Другим событием было резкое изменение отношений, связывавших Чайковского с Московским отделением Музыкального общества. После пятилетней разнообразной деятельности на благо Московской консерватории и Музыкального общества, которым щедро приносились в жертву и труд, и врожденное умение примирять и сплачивать, и столь же врожденное отвращение к заседаниям и торжественным церемониям, и самое драгоценное — время композитора, Чайковский обнаружил, что его очень успешно отодвигает на задний план человек совсем иного склада и закала — грубо самоуверенный и не отягощенный избытком совестливости новый директор консерватории Василий Ильич Сафонов. Сам Чайковский хорошо понимал преимущества музыкального деятеля подобного типа. Героический, «шестидесятнический» период музыкального просветительства давно был позади. В московском обиходе, в том числе и музыкальном, все большую роль играли беззастенчивая самореклама, оборотистость и крепкая кулацкая хватка. «Не такой абсолютно детски незлобивый и чуждый честолюбия человек, как Танеев, может поднять престиж консерватории, — писал в 1890 году Петр Ильич Юргенсону. — Ей нужен Сафонов за неимением Рубинштейна. Но такие люди, как Н. Рубинштейн, т. е. люди с бешеной энергией и притом забывающие себя ради любимого дела, — страшная редкость». А между тем мысль Чайковского возвращалась к прошедшей на его глазах эпохе музыкальной жизни Москвы: «Нам, по-моему, — писал он в те же недели самому Танееву, — пока еще жива память о Николае Григорьевиче, во всех консерваторских делах следует иметь в виду, как бы поступил он». Возможно, что такой мысленный совет с покойным основателем Московской консерватории натолкнул Петра Ильича и на радикальное решение разрубить завязавшийся в отношениях с Сафоновым мертвый узел уходом из дирекции и отвергнуть вполне реальный при громадном авторитете Чайковского другой вариант — вынужденную отставку Сафонова.
Дом в Клину (до перестройки), где П. И. Чайковский жил в 1892–1893 годах.
Рабочий столик П. И. Чайковского в Клину. Здесь композитор работал над Шестой симфонией.
Страница из рукописной партитуры Шестой симфонии.
Л. В. Собинов в роли Ленского.
П. А. Хохлов в роли Онегина.
В самый разгар работы над «Пиковой дамой» он обратился в дирекцию Московского отделения Музыкального общества с большим, как он сам потом его называл, «сентиментальным» письмом. Оно так ярко рисует личность композитора, исполнено такого достоинства, такой искренности и силы, что, пожалуй, во всем литературном наследии Чайковского мало найдется подобного. Высокий душевный подъем, сопровождающий кристаллизацию давно тревоживших его сознание образов и чувств и сделавший возможным появление на свет «Пиковой дамы», бросает особенный отсвет на тон и внутреннюю музыку письма. «Мне кажется, — писал он, — что раз я состою директором в Отделении Музыкального общества, то все дела специально-музыкальные должны безусловно зависеть от меня.

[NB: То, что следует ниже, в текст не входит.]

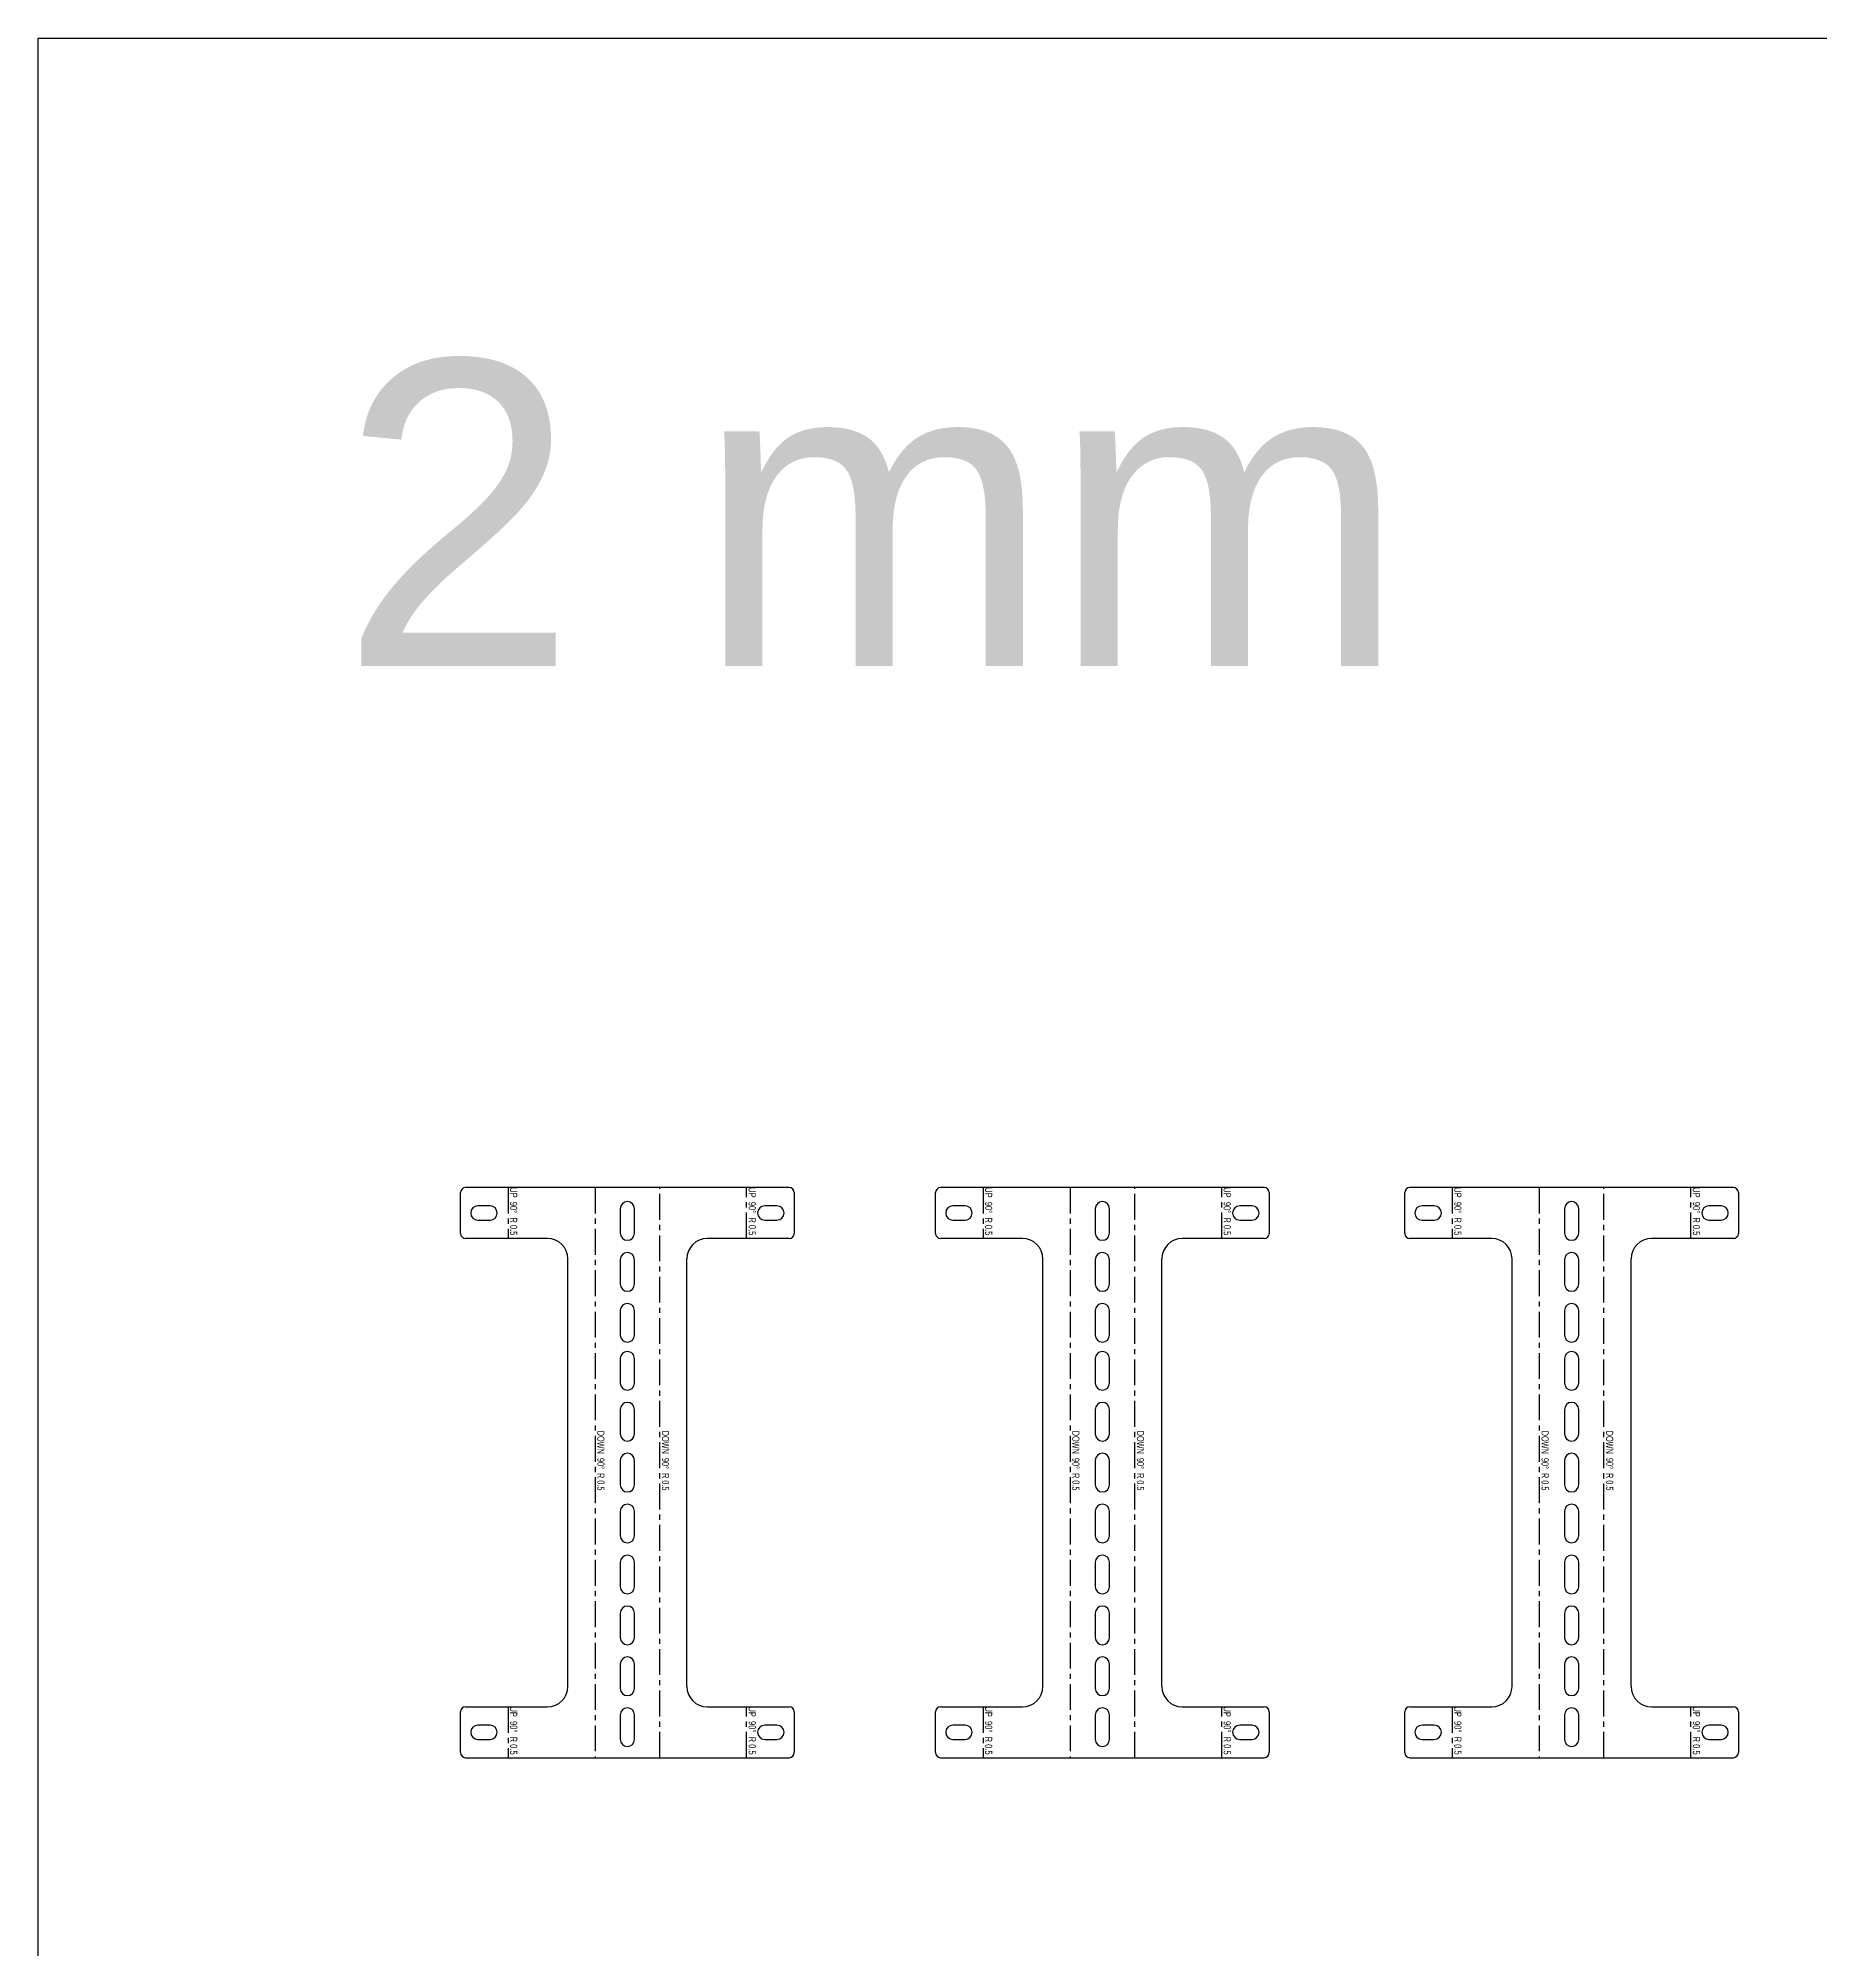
# Model space of a CAD drawing. Header units: inches. Extents: x 931 to 7871, y 712 to 4412.
# Drawn here: x 931 to 1807, y 3473 to 4412 of the extents above; entities that cross this region are included whole.
import ezdxf

# ---------------------------------------------------------------- set-up
doc = ezdxf.new("R2010")
doc.units = ezdxf.units.IN
doc.header["$MEASUREMENT"] = 0
doc.linetypes.add('CENTERX2', pattern=[20.32, 12.7, -2.54, 2.54, -2.54])
doc.layers.add('BENDING', color=4, linetype='Continuous')
doc.layers.add('NOTE', color=2, linetype='Continuous')
doc.styles.add('SLDTEXTSTYLE0', font='TXT', dxfattribs={"width": 0.660714})
doc.styles.add('SLDTEXTSTYLE1', font='TXT', dxfattribs={"width": 0.671875})
doc.styles.get("Standard").update_dxf_attribs({"font": 'arial.ttf'})

msp = doc.modelspace()

# ---------------------------------------------------------------- linework, layer by layer
at = {"color": 7, "linetype": 'Continuous', "lineweight": 25}
for p, q in [((1138.79, 3825.02), (1138.79, 3845.02)), ((1300.2, 3847.52), (1141.29, 3847.52)), ((1302.7, 3845.02), (1302.7, 3825.02)), ((1372.09, 3825.02), (1372.09, 3845.02)), ((1533.5, 3847.52), (1374.59, 3847.52)), ((1536, 3845.02), (1536, 3825.02)), ((1602.55, 3825.02), (1602.55, 3845.02)), ((1763.96, 3847.52), (1605.05, 3847.52)), ((1766.46, 3845.02), (1766.46, 3825.02)), ((1153.29, 3838.52), (1147.29, 3838.52)), ((1147.29, 3831.52), (1153.29, 3831.52)), ((1217.24, 3837.11), (1217.24, 3825.11)), ((1224.24, 3825.11), (1224.24, 3837.11)), ((1294.2, 3838.52), (1288.2, 3838.52)), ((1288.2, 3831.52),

Мое желание, мое указание, моя рекомендация… должны быть законом. Я высказываюсь так резко, ибо имею в виду не только свою музыкальную компетенцию, но и величайшее беспристрастие, отсутствие лицеприятия да к тому же еще глубокую приверженность к консерватории. Но я усматриваю, что мое желание, указание и рекомендация не только не закон, но сущее ничто…» Объяснив, почему неприглашение в Московскую консерваторию превосходного виолончелиста А. А. Брандукова, воспитанника той же консерватории, есть в данном случае «прямое приглашение мне выйти из дирекции», Чайковский продолжает: «Что важнее в настоящее время, что нужнее для консерватории: чтоб я остался директором Музыкального общества или чтобы Василий Ильич оставался директором консерватории? Бессомненно, нужнее и важнее второе… Но как же выйти из этой дилеммы? Очень просто: тем, что я перестану быть директором… Ради бога, не думайте, что я пишу все это, дабы напугать, дабы меня упрашивали, одним словом, чтобы поломаться. Нет, повторяю, я много обо всем этом думал и убежден, что поступаю как следует… Мне остается еще сказать, что, сколько бы я ни прожил, где бы я не жил, ничто и никогда не искоренит из моего сердца самой глубокой и горячей любви к Московскому Музыкальному обществу и консерватории и что благополучие их останется, несмотря ни на какие перемены, весьма близким моему сердцу до самой последней минуты моей жизни. Засим еще раз прошу простить меня, не сердиться и верить в полную искренность всего, что я написал».
Соединение в этом письме деловитости и прямоты было так необычно, что его даже не решились огласить на заседании дирекции и просили прислать другое — «не подробное, в выражениях хладнокровных, именно официальных». Но короткое или длинное, хотел он того или нет, письмо обрубило нити, четверть века связывавшие композитора с Москвой.